LoqiRoam · 旅日記

上新庄、三つの発見のあとで

社寺の古い家並み、雪鯨橋、淀川の水辺をつなぎ、暮らしと歴史と景色の変化を味わう旅。

上新庄では、駅前の便利さを背にしてすぐ、社寺と蔵の残る家並みに出会った。古い楠の存在が、何気ない道を急に長い時間の中へ引き込む。そこから商店街へ歩くと、食べものの香りと店先の声が景色を塗り替え、街は保存されたものだけでなく、今日も使われているものからできているとわかった。喫茶店でひと息ついたあと、瑞光寺の雪鯨橋へ向かった。鯨の骨という遠い海の記憶が、住宅地の小さな寺に橋として残っている。その意外さが今日の二つ目の大きな発見になった。隣の緑地で余韻を置き、最後は豊里の河川敷へ。堤防の上では水鳥を探す目線と、かつて渡し船が行き来した川の歴史が重なった。街の細部、海の物語、広い空。三つの発見は、最後に川風へほどけていった。

この旅の足跡

  1. 駅のすぐ脇なのに、蔵や木造の門が残る上新庄の古い家並み。春日神社の楠は樹齢400年以上と知り、街の時間の厚みに驚いた。
  2. 上新庄南商店会は駅南から続き、食堂や喫茶店、持ち帰りの店が並ぶ。歩道の向こうから香りが次々変わり、商店街は地図より立体的だと感じた。
  3. 豊新のパリジャンは住所と喫茶店としての掲載を確認できた。昔ながらの店内を想像しながら、商店街の音が少し遠のく場所で何を頼むか迷う。
  4. 瑞光寺の雪鯨橋は鯨の骨を使った橋で、都市の寺にある組み合わせとしてかなり意外だ。

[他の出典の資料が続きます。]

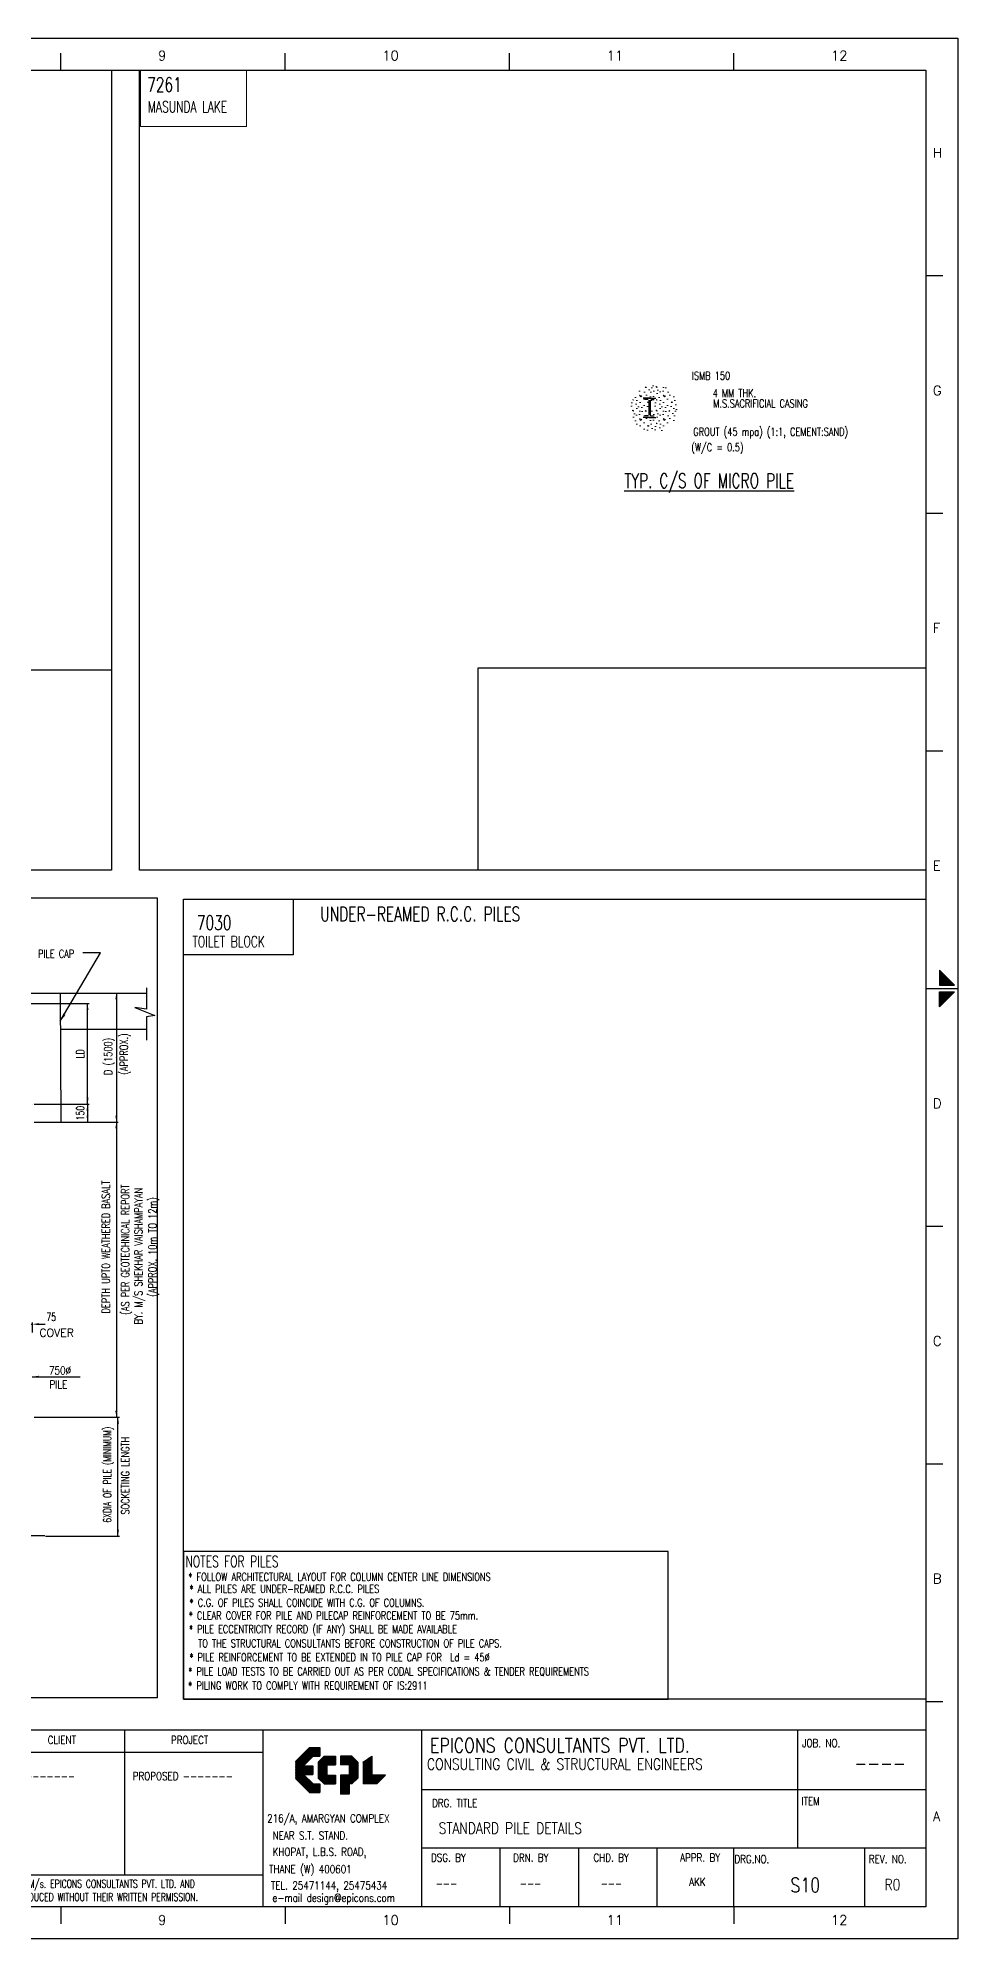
# Model space of a CAD drawing. Extents: x -93349148775 to 1048725102051, y -1180441401940 to 309370.
# Drawn here: x 302066 to 330810, y 25486 to 84886 of the extents above; entities that cross this region are included whole.
import ezdxf
from ezdxf.enums import TextEntityAlignment as Align
from ezdxf.lldxf.tags import DXFTag

# ---------------------------------------------------------------- set-up
doc = ezdxf.new("R2010")
doc.units = 0
doc.header["$LTSCALE"] = 400
doc.header["$MEASUREMENT"] = 0
for name, color, linetype in [('9', 4, 'Continuous'), ('BM', 1, 'Continuous'), ('DIM', 5, 'Continuous'), ('FRAME', 6, 'Continuous'), ('LAYER1', 1, 'Continuous'), ('LINE WORK', 4, 'Continuous'), ('LOGO', 1, 'Continuous'), ('sheet', 1, 'Continuous'), ('SUB TITLE', 3, 'Continuous'), ('TABLE FRAME', 5, 'Continuous'), ('TEXT', 4, 'Continuous'), ('TEXT1', 2, 'Continuous'), ('TITLE', 6, 'Continuous'), ('WALL', 2, 'Continuous')]:
    doc.layers.add(name, color=color, linetype=linetype)
for name, color, linetype, lineweight in [('DIMENSIONS', 5, 'Continuous', 13), ('HATCH COLUMN', 8, 'Continuous', 9), ('WIN', 5, 'Continuous', 15)]:
    doc.layers.add(name, color=color, linetype=linetype, lineweight=lineweight)
doc.styles.add('ROMANS', font='romans.shx', dxfattribs={"width": 0.7, "height": 250})
tags = doc.linetypes.add('HIDDEN', pattern=[0.375, 0.25, -0.125]).pattern_tags.tags
tags[6:7] = [DXFTag(74, 4), DXFTag(75, 0), DXFTag(340, '0'), DXFTag(46, 1.0), DXFTag(50, 0.0), DXFTag(44, 0.0), DXFTag(45, 0.0)]
tags[4:5] = [DXFTag(74, 4), DXFTag(75, 0), DXFTag(340, '0'), DXFTag(46, 1.0), DXFTag(50, 0.0), DXFTag(44, 0.0), DXFTag(45, 0.0)]
doc.dimstyles.new('YOGITA', dxfattribs={"dimtxt": 250, "dimasz": 250, "dimexe": 50, "dimexo": 50, "dimgap": 100, "dimtad": 1, "dimdec": 0, "dimzin": 1, "dimdsep": 46, "dimtxsty": 'ROMANS', "dimsah": 1, "dimcen": 0, "dimdle": 20, "dimclrd": 5, "dimclre": 5, "dimclrt": 4, "dimadec": 0, "dimazin": 0, "dimtfac": 1, "dimtdec": 0, "dimtix": 1, "dimtmove": 0, "dimatfit": 3, "dimfxl": 0, "dimtolj": 1, "dimtzin": 1, "dimarcsym": 0})

# ---------------------------------------------------------------- blocks, each defined once
blk = doc.blocks.new('MID')
at = {"layer": 'sheet', "color": 2}
for p, q in [((0, 0), (10, 0)), ((8.94, 1.07), (4.27, 5.74)), ((4.27, 5.74), (4.27, 1.07)), ((4.27, 1.07), (8.94, 1.07)), ((8.94, -1.07), (4.27, -5.74)), ((4.27, -1.07), (8.94, -1.07)), ((4.27, -5.74), (4.27, -1.07))]:
    blk.add_line(p, q, dxfattribs=at)
for points in [[(4.27, 5.74), (8.94, 1.07), (4.27, 1.07)], [(4.27, -5.74), (8.94, -1.07), (4.27, -1.07)]]:
    blk.add_solid(points, dxfattribs=at)
blk = doc.blocks.new('*X31')
at = {"color": 0}
for p, q in [((97343, 4906), (98027, 5590)), ((97343, 4924), (98009, 5590)), ((97343, 4942), (97991, 5590)), ((97343, 4959), (97974, 5590)), ((97343, 4977), (97956, 5590)), ((97343, 4995), (97938, 5590)), ((97343, 5012), (97921, 5590)), ((97343, 5030), (97903, 5590)), ((97343, 5048), (97885, 5590)), ((97343, 5065), (97868, 5590)), ((97343, 5083), (97850, 5590)), ((97343, 5101), (97832, 5590)), ((97343, 5118), (97815, 5590)), ((97343, 5136), (97797, 5590)), ((97343, 5154), (97779, 5590)), ((97343, 5171), (97762, 5590)), ((97343, 5189), (97744, 5590)), ((97343, 4889), (98043, 5589)), ((97343, 4871), (98043, 5571)), ((97343, 4853), (98043, 5553)), ((97847, 5340), (98043, 5536)), ((97865, 5340), (98043, 5518)), ((97883, 5340), (98043, 5500)), ((97343, 4694), (97714, 5065)), ((97343, 4712), (97696, 5065)), ((97343, 4730), (97678, 5065)), ((97343, 4747), (97661, 5065)), ((97343, 4765), (97643, 5065)), ((97343, 4783), (97625, 5065)), ((97343, 4800), (97608, 5065)), ((97343, 4818), (97590, 5065)), ((97343, 4836), (97572, 5065)), ((97350, 4683), (97732, 5065)), ((97359, 4674), (97749, 5065)), ((97367, 4666), (97767, 5065)), ((97376, 4657), (97785, 5065)), ((97385, 4648), (97802, 5065)), ((97394, 4639), (97820, 5065)), ((97588, 4815), (97838, 5065)), ((97605, 4815), (97843, 5053)), ((97623, 4815), (97843, 5035)), ((97641, 4815), (97843, 5017)), ((97658, 4815), (97843, 5000)), ((97676, 4815), (97843, 4982)), ((97694, 4815), (97843, 4964)), ((97711, 4815), (97843, 4947)), ((97900, 5340), (98043, 5483)), ((97918, 5340), (98043, 5465)), ((97936, 5340), (98043, 5447)), ((97953, 5340), (98043, 5430)), ((97971, 5340), (98043, 5412)), ((97989, 5340), (98043, 5394)), ((98007, 5340), (98043, 5377)), ((98024, 5340), (98043, 5359)), ((98042, 5340), (98043, 5341)), ((97403, 4630), (97579, 4807)), ((97412, 4621), (97588, 4798)), ((97420, 4613), (97597, 4789)), ((97429, 4604), (97606, 4781)), ((97438, 4595), (97615, 4772)), ((97447, 4586), (97624, 4763)), ((97456, 4577), (97633, 4754)), ((97465, 4568), (97641, 4745)), ((97473, 4560), (97650, 4736)), ((97482, 4551), (97659, 4728)), ((97491, 4542), (97668, 4719)), ((97500, 4533), (97677, 4710)), ((97509, 4524), (97686, 4701)), ((97518, 4515), (97694, 4692)), ((97526, 4507), (97703, 4683)), ((97535, 4498), (97712, 4674)), ((97544, 4489), (97721, 4666)), ((97553, 4480), (97730, 4657)), ((97562, 4471), (97739, 4648)), ((97571, 4462), (97747, 4639)), ((97579, 4454), (97756, 4630)), ((97588, 4445), (97765, 4621)), ((97597, 4436), (97774, 4613)), ((97606, 4427), (97783, 4604)), ((97615, 4418), (97792, 4595)), ((97624, 4409), (97800, 4586)), ((97633, 4400), (97809, 4577)), ((97641, 4392), (97818, 4568)), ((97650, 4383), (97827, 4560)), ((97659, 4374), (97836, 4551)), ((97668, 4365), (97845, 4542)), ((97677, 4356), (97861, 4540)), ((97686, 4347), (97878, 4540)), ((97694, 4339), (97896, 4540)), ((97703, 4330), (97914, 4540)), ((97712, 4321), (97931, 4540)), ((97721, 4312), (97949, 4540)), ((97729, 4815), (97843, 4929)), ((97730, 4303), (97967, 4540)), ((97739, 4294), (97984, 4540)), ((97747, 4815), (97843, 4911)), ((97752, 4290), (98002, 4540)), ((97764, 4815), (97843, 4894)), ((97770, 4290), (98020, 4540)), ((97782, 4815), (97843, 4876)), ((97787, 4290), (98037, 4540)), ((97800, 4815), (97843, 4858)), ((97805, 4290), (98043, 4528)), ((97817, 4815), (97843, 4841)), ((97823, 4290), (98043, 4510)), ((97835, 4815), (97843, 4823)), ((97840, 4290), (98043, 4493)), ((97858, 4290), (98043, 4475)), ((97876, 4290), (98043, 4457)), ((97893, 4290), (98043, 4440)), ((97911, 4290), (98043, 4422)), ((97929, 4290), (98043, 4404)), ((97946, 4290), (98043, 4387)), ((97964, 4290), (98043, 4369)), ((97982, 4290), (98043, 4351)), ((97999, 4290), (98043, 4334)), ((98017, 4290), (98043, 4316)), ((98035, 4290), (98043, 4298))]:
    blk.add_line(p, q, dxfattribs=at)
blk = doc.blocks.new('*D395')
at = {"layer": 'DEFPOINTS', "color": 5, "linetype": 'ByBlock'}
for p in [(302757, 55044), (302780, 51012)]:
    blk.add_point(p, dxfattribs=at)
at = {"layer": 'HATCH COLUMN', "color": 5, "linetype": 'ByBlock', "lineweight": -2}
for p, q in [((302757, 55044), (302757, 55044)), ((302807, 55044), (304565, 55044)), ((304515, 55044), (304515, 51012)), ((302830, 51012), (304565, 51012))]:
    blk.add_line(p, q, dxfattribs=at)
at = {"layer": 'HATCH COLUMN', "color": 5, "linetype": 'ByBlock'}
for points in [[(304515, 55044), (304481, 54844), (304548, 54844)], [(304515, 51012), (304481, 51212), (304548, 51212)]]:
    blk.add_solid(points, dxfattribs=at)
at = {"layer": 'HATCH COLUMN', "color": 4, "linetype": 'ByBlock', "insert": (304402, 53028), "char_height": 250, "attachment_point": 5, "rotation": 90, "style": 'ROMANS'}
blk.add_mtext('.', dxfattribs=at)
blk = doc.blocks.new('*D396')
at = {"layer": 'DEFPOINTS', "color": 5, "linetype": 'ByBlock'}
for p in [(301661, 54717), (301892, 51571)]:
    blk.add_point(p, dxfattribs=at)
at = {"layer": 'HATCH COLUMN', "color": 5, "linetype": 'ByBlock', "lineweight": -2}
for p, q in [((301711, 54717), (303662, 54717)), ((303612, 51571), (303612, 54717)), ((301892, 51571), (301892, 51571)), ((301942, 51571), (303662, 51571))]:
    blk.add_line(p, q, dxfattribs=at)
at = {"layer": 'HATCH COLUMN', "color": 5, "linetype": 'ByBlock'}
for points in [[(303612, 54717), (303645, 54517), (303579, 54517)], [(303612, 51571), (303645, 51771), (303579, 51771)]]:
    blk.add_solid(points, dxfattribs=at)
at = {"layer": 'HATCH COLUMN', "color": 4, "linetype": 'ByBlock', "insert": (303387, 53144), "char_height": 250, "attachment_point": 5, "rotation": 90, "style": 'ROMANS'}
blk.add_mtext('LD', dxfattribs=at)
blk = doc.blocks.new('*D397')
at = {"layer": 'DEFPOINTS', "color": 5, "linetype": 'ByBlock'}
for p in [(301892, 41790), (302253, 38075)]:
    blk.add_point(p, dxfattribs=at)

池を渡る短い橋なのに、遠い海の物語が急に近づく。
  5. 瑞光寺公園は区の公園一覧にも載る小さな緑地。大きな観光地ではないのに、寺の余韻と住宅街の生活音が同じ木陰に重なっていて面白い。
  6. 豊里地区の淀川河川公園は芝生広場と堤防の見晴らしがあり、水辺が近く水鳥観察にも向く。平田の渡し跡の話を知ると、静かな川面が少し違って見えた。